I knew that pregnancy was an obvious condition, but I was unaware that most people consider it a community project.
I was working on something (I forget what, but the key is that I was working, because I was at work) and a co-worker came into my office to hand me a "hilarious" book which she found very helpful and very funny and even now, she was giggling as she handed it to me. It is called The Girlfriend's Guide to Pregnancy: Or Everything Your Doctor Won't Tell You, and it is just that, everything you would discuss with your Girlfriends, if you had Girlfriends, which I don't. And, having glanced at this book, I'm glad that I don't. Nosey busybodies. But I accepted the book with good grace and thanked the woman profusely, who then proceeded to stand in my doorway for fifteen minutes and offer random bits of advice, from bottle feeding to the benefits of co-sleeping, all without my having to say a word. She ended by offering to give me her entire five year collection of Child Magazine. I asked her to let me borrow just one.

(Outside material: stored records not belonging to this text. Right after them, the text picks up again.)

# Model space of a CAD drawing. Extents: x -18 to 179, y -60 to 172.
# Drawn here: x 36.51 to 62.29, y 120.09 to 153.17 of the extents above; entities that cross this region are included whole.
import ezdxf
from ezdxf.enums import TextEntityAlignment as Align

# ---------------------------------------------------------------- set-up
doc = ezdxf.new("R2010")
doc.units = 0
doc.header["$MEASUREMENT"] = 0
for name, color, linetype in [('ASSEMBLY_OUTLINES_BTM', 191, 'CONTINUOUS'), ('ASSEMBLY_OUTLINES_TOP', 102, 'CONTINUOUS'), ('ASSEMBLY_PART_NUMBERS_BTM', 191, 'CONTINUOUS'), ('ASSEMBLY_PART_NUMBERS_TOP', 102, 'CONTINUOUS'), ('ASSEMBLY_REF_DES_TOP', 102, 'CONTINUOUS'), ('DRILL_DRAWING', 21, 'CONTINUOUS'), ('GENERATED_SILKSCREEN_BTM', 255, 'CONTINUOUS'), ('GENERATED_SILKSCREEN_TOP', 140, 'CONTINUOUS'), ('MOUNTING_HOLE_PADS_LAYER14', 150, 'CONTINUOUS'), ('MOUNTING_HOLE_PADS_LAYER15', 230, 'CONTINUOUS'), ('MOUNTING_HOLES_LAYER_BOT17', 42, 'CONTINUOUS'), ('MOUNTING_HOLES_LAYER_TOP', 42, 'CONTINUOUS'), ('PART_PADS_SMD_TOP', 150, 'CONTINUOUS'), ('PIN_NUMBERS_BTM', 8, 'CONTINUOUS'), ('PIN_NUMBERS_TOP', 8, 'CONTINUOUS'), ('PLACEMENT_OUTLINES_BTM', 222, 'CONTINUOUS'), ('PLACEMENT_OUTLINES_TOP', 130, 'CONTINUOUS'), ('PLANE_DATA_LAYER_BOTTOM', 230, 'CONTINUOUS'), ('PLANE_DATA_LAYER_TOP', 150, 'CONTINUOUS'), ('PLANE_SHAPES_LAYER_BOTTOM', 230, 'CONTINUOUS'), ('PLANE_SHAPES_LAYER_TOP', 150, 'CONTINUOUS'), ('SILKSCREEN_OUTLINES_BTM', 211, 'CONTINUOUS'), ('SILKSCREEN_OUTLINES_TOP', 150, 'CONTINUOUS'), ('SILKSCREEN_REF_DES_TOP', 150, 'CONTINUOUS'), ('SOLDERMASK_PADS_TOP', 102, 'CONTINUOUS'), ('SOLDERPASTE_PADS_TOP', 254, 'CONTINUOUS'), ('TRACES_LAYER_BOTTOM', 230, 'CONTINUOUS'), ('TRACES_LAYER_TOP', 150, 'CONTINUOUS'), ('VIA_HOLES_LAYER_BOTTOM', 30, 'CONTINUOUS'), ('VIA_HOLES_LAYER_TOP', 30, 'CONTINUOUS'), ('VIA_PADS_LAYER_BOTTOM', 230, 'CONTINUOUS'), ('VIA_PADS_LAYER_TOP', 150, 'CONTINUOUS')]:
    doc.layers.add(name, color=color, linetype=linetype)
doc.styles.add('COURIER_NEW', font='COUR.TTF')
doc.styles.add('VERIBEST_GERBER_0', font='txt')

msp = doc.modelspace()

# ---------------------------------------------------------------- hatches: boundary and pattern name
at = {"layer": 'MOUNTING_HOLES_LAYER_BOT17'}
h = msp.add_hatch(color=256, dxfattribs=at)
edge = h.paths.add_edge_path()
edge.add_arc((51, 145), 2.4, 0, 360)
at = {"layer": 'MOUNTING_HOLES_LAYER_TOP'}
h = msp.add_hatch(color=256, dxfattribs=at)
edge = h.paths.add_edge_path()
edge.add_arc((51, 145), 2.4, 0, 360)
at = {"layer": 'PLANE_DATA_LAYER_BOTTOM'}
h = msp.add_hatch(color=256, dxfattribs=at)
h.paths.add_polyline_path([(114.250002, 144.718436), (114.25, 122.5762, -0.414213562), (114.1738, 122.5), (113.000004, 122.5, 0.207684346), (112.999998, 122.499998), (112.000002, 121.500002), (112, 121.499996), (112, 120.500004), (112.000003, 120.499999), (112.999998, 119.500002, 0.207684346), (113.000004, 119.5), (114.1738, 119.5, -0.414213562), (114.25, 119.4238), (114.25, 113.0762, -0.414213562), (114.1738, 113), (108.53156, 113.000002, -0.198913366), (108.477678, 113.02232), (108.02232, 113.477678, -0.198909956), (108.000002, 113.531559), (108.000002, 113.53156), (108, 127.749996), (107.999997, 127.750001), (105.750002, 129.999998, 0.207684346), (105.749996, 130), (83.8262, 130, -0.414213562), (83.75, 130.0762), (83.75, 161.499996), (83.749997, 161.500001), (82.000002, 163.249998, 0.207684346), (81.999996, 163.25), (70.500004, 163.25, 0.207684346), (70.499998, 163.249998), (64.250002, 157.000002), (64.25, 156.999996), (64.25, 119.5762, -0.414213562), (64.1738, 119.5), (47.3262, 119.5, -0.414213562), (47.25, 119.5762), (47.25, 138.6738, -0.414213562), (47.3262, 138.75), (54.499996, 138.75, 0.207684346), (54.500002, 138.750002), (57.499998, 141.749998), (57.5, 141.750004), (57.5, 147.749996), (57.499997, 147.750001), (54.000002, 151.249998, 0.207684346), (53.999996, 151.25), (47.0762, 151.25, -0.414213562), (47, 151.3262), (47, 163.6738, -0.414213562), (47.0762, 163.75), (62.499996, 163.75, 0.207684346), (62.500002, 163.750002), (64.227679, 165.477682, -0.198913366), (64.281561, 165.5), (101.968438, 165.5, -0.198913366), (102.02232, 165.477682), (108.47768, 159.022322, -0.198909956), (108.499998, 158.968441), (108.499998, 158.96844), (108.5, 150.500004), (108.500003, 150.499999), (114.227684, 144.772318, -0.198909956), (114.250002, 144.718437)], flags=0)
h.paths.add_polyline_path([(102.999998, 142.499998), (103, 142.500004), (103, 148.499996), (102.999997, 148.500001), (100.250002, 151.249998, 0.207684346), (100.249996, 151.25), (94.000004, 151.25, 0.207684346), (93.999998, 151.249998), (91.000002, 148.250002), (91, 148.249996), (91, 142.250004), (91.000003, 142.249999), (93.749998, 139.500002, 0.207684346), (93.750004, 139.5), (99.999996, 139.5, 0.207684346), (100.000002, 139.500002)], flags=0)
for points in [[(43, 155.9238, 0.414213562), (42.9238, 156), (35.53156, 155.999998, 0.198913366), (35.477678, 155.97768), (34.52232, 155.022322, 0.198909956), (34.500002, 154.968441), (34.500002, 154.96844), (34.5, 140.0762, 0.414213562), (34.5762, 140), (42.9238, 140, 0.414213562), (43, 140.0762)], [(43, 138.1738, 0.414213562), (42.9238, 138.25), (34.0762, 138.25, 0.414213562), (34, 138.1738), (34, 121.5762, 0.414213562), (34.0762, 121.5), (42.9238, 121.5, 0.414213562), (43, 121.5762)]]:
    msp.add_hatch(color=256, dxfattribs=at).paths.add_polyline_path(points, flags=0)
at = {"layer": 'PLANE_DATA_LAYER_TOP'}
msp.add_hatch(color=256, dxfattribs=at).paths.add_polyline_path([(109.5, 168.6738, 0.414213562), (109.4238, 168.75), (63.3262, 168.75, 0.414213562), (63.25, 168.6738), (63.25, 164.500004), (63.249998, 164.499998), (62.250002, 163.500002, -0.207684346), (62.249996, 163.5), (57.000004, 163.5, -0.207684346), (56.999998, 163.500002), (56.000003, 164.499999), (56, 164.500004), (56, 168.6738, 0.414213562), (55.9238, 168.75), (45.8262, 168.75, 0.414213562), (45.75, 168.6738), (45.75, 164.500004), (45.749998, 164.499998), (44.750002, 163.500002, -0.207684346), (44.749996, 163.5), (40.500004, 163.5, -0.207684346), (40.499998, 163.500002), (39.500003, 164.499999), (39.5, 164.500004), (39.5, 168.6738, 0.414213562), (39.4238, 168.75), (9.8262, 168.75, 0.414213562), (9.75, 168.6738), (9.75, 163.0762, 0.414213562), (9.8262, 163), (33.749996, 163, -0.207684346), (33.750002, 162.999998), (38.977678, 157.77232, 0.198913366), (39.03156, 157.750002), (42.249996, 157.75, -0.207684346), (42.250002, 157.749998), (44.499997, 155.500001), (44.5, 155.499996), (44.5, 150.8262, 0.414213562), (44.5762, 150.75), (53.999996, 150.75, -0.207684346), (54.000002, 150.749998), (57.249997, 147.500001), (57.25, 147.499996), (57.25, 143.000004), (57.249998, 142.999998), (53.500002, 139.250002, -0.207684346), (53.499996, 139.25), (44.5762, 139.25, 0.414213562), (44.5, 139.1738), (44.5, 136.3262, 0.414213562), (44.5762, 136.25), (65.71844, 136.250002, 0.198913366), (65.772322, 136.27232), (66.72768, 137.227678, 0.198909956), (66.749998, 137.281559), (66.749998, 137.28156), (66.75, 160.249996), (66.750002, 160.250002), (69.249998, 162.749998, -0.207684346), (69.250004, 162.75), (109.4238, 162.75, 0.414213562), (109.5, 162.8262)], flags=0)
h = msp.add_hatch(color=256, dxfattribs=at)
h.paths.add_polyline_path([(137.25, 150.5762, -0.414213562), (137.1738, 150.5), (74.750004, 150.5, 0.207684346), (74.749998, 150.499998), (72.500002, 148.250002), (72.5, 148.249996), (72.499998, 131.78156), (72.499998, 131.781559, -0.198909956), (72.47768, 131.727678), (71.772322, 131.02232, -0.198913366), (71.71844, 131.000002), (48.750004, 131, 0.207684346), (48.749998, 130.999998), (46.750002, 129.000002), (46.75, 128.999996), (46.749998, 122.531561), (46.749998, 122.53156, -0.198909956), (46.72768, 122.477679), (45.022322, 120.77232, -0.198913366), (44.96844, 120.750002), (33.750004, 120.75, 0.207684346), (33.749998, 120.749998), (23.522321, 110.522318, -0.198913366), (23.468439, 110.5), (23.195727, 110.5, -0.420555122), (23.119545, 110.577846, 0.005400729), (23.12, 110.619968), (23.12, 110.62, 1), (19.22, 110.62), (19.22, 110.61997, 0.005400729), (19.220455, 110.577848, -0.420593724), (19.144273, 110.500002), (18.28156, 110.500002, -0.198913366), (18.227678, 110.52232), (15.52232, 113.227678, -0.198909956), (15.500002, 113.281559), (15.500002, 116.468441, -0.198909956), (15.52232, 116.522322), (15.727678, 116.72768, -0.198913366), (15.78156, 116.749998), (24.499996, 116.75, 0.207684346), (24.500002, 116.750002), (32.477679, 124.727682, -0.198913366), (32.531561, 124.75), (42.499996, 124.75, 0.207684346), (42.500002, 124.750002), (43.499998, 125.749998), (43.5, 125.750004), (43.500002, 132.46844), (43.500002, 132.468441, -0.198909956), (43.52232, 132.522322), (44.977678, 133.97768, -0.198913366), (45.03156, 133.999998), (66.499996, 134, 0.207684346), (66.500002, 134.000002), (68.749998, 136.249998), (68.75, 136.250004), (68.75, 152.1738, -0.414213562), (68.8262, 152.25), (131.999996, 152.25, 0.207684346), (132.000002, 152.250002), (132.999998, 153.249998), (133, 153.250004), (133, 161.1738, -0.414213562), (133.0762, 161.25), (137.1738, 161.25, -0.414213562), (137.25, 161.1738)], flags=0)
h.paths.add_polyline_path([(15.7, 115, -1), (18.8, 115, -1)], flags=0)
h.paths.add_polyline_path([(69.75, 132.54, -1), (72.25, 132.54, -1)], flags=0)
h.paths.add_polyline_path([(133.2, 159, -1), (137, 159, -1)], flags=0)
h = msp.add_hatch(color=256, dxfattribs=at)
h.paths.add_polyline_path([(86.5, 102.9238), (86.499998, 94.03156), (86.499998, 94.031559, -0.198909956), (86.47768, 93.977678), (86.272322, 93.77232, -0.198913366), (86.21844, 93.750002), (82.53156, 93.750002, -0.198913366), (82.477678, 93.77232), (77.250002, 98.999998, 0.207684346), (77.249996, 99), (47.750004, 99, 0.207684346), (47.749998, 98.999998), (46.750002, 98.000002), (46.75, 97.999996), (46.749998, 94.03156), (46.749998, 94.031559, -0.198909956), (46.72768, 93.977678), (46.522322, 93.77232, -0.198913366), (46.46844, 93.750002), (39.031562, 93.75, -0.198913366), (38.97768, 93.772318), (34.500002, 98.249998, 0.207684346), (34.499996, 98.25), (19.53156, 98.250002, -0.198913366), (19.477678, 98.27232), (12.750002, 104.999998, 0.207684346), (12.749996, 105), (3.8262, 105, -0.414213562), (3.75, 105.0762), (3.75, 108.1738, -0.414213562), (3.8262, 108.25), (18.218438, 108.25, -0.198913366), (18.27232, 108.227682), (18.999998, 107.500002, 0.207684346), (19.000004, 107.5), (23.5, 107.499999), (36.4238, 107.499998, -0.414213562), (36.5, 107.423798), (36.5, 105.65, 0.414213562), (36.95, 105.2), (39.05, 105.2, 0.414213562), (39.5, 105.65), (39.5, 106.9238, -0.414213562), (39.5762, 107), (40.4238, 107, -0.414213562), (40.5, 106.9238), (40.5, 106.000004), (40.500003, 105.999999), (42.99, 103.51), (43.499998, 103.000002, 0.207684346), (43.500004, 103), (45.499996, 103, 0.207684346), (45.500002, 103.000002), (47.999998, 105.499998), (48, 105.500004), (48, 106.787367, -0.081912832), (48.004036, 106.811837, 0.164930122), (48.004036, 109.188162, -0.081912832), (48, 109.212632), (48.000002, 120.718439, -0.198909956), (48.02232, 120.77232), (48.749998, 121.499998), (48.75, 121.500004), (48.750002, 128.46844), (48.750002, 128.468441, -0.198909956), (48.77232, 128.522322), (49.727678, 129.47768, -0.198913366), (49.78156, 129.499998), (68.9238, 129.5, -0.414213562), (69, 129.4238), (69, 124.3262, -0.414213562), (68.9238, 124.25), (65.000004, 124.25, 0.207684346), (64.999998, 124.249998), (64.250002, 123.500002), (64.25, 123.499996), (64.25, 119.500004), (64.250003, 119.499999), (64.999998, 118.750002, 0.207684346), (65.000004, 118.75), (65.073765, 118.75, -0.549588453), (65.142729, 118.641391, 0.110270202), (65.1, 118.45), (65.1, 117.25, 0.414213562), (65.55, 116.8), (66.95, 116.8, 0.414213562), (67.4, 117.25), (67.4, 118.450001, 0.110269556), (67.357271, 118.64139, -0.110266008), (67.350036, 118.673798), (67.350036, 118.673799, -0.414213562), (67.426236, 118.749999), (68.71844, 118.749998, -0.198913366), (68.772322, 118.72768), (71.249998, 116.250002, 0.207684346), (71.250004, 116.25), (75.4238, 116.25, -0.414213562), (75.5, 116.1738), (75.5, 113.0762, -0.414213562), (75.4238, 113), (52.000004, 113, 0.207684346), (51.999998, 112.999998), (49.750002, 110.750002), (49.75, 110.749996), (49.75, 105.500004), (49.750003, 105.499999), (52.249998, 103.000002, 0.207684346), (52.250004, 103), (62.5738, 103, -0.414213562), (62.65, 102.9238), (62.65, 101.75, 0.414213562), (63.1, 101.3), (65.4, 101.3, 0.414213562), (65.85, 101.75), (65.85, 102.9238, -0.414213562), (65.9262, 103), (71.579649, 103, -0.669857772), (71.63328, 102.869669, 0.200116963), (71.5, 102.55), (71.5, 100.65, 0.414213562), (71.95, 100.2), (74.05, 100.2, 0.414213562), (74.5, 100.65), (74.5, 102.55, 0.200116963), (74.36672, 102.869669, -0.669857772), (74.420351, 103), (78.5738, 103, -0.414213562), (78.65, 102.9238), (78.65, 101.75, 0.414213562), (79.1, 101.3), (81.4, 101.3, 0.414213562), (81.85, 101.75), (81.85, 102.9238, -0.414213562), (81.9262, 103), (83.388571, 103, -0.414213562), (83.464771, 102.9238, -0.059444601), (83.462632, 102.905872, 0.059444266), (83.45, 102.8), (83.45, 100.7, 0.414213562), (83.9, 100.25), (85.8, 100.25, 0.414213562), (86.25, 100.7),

Having handled that burst of well-intended but unsolicited advice, I went about my work-day. An hour later I received a phone call from a nice but rather dull woman who works part-time downstairs. I hardly know her, but she was calling me from home to offer me her daughter's entire collection of maternity wear. "I know you've got a male colleague sitting with you there," she said, "So you can just say yes or no. We'll keep it low-key." Bewildered at both the offer and the secrecy, I said yes. When I hung up I started laughing hysterically, which got my (male) co-worker's attention. "What's funny?" he asked.
I tried to explain that I found all the generosity extremely funny, but he didn't really get it.